The Ministry of Health has estimated that the country will require 4,299 medical specialists by the year 2024 to ensure continued medical services to the general population. According to the list of transfers, there are 750 vacancies to be urgently filled by this year including cardiologists, microbiologists, dermatologists, emergency physicians, anaesthetists and pathologists. Professionals in the field have long warned that the number of required medical specialists could exceed the 1,000 mark by next year, if authorities failed to act promptly.

However, Sri Lanka currently has only around 2,007 specialists, a number which many experts say is inadequate to serve the general population’s medical needs. Adding to the issue is the imminent retirement of some 300 medical specialists aged between 60 to 63 by the end of this year, including experts like Dr. Ananda Wijewickrama, Dr. Lakkumar Fernando, Dr. Gotabhaya Ranasinghe, Dr. Ananda Lamahewage and Dr. Nishshanka Jayawardena.

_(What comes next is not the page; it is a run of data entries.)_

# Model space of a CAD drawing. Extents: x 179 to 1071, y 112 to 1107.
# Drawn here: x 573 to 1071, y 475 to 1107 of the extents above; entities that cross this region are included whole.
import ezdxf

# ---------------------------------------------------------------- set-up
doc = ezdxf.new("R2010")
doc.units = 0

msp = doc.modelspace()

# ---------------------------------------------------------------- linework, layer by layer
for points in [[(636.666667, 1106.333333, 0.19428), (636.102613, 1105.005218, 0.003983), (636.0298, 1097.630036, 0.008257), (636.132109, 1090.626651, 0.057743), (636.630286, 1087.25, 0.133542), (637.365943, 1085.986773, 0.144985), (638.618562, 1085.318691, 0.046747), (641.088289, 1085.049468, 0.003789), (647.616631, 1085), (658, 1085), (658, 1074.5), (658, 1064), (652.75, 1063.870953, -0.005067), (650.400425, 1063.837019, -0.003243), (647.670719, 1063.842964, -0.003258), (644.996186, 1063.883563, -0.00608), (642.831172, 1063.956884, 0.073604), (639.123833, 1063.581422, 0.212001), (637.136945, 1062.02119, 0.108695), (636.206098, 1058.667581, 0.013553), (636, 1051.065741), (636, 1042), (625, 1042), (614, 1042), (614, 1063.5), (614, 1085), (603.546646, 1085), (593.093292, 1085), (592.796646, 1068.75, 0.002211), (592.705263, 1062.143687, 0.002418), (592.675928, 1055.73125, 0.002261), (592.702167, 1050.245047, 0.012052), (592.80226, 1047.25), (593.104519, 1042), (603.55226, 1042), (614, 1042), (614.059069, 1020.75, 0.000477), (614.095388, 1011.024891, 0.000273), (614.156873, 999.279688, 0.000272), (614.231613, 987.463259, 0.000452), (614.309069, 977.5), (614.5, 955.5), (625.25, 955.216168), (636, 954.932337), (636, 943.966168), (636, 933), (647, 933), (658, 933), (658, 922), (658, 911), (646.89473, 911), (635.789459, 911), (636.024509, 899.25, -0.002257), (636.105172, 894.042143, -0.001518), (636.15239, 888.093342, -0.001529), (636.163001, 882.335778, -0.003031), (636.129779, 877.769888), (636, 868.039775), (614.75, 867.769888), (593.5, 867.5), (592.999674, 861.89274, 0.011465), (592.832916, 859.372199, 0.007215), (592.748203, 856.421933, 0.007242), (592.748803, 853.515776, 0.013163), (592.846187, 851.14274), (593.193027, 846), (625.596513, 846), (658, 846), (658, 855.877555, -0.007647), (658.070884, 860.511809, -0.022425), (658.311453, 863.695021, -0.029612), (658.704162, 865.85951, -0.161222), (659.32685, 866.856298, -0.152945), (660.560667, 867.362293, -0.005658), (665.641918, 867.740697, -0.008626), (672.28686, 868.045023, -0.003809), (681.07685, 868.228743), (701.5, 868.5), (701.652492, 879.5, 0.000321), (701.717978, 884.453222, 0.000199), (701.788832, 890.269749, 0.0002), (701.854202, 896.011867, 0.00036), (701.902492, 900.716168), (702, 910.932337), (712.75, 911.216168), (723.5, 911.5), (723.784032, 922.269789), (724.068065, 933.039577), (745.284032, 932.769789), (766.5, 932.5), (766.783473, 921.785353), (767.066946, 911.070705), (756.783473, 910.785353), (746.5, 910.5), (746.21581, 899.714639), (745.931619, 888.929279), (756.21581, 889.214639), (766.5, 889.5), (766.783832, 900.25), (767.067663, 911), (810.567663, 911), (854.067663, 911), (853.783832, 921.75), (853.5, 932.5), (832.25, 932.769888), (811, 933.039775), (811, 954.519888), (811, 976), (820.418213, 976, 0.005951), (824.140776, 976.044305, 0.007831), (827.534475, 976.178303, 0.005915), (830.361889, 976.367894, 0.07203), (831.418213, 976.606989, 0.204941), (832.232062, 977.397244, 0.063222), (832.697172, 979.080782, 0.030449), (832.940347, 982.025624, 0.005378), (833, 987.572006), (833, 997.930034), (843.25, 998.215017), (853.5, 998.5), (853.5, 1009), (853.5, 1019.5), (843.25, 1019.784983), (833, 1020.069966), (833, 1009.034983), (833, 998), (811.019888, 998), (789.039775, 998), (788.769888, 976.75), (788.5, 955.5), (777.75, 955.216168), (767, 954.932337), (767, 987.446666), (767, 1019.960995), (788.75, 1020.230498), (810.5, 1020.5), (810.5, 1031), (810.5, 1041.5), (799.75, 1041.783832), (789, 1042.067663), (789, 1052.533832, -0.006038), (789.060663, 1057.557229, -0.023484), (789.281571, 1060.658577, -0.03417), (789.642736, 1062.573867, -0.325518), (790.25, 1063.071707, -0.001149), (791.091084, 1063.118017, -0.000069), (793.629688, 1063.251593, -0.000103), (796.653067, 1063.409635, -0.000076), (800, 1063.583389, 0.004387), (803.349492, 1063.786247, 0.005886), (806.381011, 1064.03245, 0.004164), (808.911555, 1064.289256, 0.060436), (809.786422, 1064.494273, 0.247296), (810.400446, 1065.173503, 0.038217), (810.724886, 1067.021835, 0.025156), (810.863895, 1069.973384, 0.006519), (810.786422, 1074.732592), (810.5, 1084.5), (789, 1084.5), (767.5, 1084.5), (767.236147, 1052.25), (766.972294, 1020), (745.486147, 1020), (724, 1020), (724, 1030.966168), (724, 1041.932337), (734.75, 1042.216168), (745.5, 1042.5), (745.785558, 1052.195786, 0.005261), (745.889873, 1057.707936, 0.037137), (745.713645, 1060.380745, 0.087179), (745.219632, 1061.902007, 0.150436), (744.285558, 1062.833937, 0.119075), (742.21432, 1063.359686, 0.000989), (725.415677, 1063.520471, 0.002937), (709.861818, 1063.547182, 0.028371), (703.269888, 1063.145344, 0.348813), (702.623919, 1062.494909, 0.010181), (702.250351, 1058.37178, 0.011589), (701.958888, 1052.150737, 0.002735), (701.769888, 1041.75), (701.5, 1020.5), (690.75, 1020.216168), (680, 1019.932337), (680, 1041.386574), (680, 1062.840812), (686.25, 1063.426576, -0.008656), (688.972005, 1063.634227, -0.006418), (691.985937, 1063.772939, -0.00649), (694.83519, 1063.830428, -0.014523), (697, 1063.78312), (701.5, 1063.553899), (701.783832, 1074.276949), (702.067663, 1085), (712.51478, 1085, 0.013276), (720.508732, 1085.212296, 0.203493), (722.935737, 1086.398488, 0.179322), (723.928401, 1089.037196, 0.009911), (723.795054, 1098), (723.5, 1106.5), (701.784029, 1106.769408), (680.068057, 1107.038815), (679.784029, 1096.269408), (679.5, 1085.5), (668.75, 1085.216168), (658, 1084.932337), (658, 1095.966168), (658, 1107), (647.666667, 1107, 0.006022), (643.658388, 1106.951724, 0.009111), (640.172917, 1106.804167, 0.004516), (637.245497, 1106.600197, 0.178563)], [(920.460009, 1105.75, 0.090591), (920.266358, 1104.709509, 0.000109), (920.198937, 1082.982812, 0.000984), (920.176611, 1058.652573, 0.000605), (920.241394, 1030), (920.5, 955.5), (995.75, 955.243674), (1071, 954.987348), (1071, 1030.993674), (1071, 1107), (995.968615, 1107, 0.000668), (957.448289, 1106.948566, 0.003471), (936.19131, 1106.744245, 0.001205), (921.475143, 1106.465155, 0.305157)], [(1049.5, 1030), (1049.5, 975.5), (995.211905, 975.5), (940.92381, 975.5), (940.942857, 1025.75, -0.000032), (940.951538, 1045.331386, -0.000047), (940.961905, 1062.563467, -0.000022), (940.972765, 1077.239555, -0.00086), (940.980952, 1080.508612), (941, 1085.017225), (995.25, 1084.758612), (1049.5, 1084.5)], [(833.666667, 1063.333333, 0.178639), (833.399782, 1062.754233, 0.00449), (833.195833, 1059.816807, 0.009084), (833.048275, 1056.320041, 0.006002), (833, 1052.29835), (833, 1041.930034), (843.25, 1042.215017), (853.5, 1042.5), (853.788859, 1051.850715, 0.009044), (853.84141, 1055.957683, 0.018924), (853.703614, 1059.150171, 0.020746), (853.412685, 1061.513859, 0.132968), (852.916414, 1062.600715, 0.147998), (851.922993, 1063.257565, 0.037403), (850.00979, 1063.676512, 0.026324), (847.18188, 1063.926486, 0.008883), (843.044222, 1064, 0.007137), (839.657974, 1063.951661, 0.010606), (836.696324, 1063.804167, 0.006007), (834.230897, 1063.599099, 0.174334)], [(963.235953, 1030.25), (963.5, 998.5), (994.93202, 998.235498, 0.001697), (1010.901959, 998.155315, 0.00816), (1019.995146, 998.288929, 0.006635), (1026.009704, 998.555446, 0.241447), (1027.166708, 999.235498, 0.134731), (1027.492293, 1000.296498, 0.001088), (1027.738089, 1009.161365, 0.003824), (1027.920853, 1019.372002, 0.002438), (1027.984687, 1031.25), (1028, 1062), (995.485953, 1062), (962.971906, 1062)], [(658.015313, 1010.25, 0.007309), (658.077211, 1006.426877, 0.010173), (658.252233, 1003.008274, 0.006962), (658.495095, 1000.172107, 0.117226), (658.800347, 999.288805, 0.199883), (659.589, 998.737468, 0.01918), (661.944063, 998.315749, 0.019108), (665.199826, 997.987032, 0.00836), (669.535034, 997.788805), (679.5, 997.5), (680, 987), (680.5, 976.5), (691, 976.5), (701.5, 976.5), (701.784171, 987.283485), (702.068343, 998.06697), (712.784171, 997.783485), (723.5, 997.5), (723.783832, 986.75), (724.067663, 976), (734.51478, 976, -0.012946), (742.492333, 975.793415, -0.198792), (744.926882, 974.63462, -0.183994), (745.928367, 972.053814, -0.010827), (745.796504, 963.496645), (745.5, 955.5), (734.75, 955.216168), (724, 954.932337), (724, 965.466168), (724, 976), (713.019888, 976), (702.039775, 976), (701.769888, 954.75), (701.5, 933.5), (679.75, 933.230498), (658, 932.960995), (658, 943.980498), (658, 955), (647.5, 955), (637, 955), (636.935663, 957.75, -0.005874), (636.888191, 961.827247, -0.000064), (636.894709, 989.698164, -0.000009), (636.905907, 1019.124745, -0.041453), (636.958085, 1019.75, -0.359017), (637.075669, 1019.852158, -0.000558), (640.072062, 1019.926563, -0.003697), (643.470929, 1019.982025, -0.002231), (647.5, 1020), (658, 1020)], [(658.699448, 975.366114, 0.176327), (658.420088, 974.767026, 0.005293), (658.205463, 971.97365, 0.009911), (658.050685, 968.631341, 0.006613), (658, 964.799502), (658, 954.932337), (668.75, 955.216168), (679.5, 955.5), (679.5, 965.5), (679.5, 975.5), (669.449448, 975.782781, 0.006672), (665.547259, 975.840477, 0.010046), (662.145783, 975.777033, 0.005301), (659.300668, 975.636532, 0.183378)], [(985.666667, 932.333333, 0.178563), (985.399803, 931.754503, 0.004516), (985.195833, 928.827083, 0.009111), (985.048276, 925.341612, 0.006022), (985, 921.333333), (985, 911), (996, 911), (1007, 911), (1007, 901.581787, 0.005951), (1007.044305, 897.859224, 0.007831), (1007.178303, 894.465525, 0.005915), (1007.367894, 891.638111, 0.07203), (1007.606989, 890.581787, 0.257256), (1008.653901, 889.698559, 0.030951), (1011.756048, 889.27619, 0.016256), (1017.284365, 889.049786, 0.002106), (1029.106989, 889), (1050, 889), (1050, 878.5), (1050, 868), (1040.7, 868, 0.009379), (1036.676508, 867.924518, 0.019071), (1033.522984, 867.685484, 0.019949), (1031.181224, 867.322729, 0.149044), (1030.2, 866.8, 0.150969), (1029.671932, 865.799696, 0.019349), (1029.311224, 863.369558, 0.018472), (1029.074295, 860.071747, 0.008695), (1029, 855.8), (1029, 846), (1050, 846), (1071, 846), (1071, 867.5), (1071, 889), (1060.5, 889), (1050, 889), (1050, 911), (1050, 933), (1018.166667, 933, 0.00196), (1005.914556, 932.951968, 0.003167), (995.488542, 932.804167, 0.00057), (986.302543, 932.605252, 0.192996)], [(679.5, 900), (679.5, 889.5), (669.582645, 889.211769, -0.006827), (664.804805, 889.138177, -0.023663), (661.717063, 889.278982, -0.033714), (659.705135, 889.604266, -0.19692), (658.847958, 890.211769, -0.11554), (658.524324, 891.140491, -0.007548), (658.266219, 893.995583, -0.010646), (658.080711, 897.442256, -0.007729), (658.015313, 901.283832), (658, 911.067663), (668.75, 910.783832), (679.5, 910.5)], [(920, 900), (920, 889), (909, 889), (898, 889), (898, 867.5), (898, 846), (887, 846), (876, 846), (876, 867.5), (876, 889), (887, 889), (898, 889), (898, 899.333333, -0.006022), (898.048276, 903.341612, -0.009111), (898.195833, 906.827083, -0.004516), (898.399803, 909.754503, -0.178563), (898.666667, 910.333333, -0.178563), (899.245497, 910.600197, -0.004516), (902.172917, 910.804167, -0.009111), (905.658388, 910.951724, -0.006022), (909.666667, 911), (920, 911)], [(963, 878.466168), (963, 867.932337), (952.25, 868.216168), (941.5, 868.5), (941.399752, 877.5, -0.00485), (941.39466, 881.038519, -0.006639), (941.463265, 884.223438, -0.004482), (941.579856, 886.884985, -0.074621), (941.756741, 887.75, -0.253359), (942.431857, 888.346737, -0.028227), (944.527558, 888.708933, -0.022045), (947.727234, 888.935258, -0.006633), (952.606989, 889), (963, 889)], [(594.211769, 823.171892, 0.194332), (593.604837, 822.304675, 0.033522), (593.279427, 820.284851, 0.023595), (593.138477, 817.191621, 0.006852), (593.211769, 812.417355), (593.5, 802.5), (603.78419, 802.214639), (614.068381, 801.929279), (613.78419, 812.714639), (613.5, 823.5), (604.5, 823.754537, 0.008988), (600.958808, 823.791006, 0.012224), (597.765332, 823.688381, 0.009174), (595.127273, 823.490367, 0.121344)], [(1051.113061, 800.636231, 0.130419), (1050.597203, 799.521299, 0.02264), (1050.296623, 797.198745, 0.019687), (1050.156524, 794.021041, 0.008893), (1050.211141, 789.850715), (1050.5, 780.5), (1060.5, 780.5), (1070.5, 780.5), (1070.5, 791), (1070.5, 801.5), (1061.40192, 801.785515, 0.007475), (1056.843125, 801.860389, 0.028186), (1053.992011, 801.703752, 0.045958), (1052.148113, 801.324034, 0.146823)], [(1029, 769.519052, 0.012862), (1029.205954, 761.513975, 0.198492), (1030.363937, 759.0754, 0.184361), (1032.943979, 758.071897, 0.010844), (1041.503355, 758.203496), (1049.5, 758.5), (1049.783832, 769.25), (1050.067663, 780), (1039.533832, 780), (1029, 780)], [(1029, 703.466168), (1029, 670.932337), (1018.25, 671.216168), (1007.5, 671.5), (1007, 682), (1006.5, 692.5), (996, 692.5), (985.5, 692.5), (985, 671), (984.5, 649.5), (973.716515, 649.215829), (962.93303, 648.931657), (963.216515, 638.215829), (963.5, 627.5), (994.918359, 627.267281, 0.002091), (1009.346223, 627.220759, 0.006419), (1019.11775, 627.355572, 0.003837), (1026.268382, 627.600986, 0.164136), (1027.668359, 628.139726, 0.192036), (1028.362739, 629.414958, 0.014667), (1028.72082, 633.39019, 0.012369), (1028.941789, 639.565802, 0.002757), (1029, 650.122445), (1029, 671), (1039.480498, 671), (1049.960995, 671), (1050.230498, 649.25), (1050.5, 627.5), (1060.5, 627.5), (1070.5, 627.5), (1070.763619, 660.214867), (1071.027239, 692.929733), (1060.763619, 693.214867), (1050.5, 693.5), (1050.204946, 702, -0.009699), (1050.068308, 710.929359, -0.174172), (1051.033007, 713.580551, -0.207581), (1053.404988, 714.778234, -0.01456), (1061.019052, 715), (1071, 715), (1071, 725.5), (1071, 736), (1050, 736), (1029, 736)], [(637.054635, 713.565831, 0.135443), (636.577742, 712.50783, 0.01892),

Meanwhile, nine out of 18 heart surgeons in the country are likely to leave the service, risking the closure of several heart surgery units in the country. These include some specialized units in Colombo, Galle, and Jaffna, risking the lives of thousands of people who are on the waiting list for heart surgeries. Furthermore, 375 medical specialists have migrated for either professional or personal reasons, while others have been absorbed into universities.

Furthermore, the Health Ministry is accused to have continuously delayed to publish the transfer list.

It is in this context that 176 specialist doctors have filed a petition in the Court of Appeal saying that it is unfair to change the retirement age privilege from 60 to 63. Health authorities are currently deliberating if a flexible work arrangement could be given in the case of some experts. However, it was reported that the affected experts were not in agreement with this solution, urging the retirement age be revised to 63.

In this context, the authorities have verbally requested about 50 specialist doctors over the age of 63 to continue working on a temporary contract basis.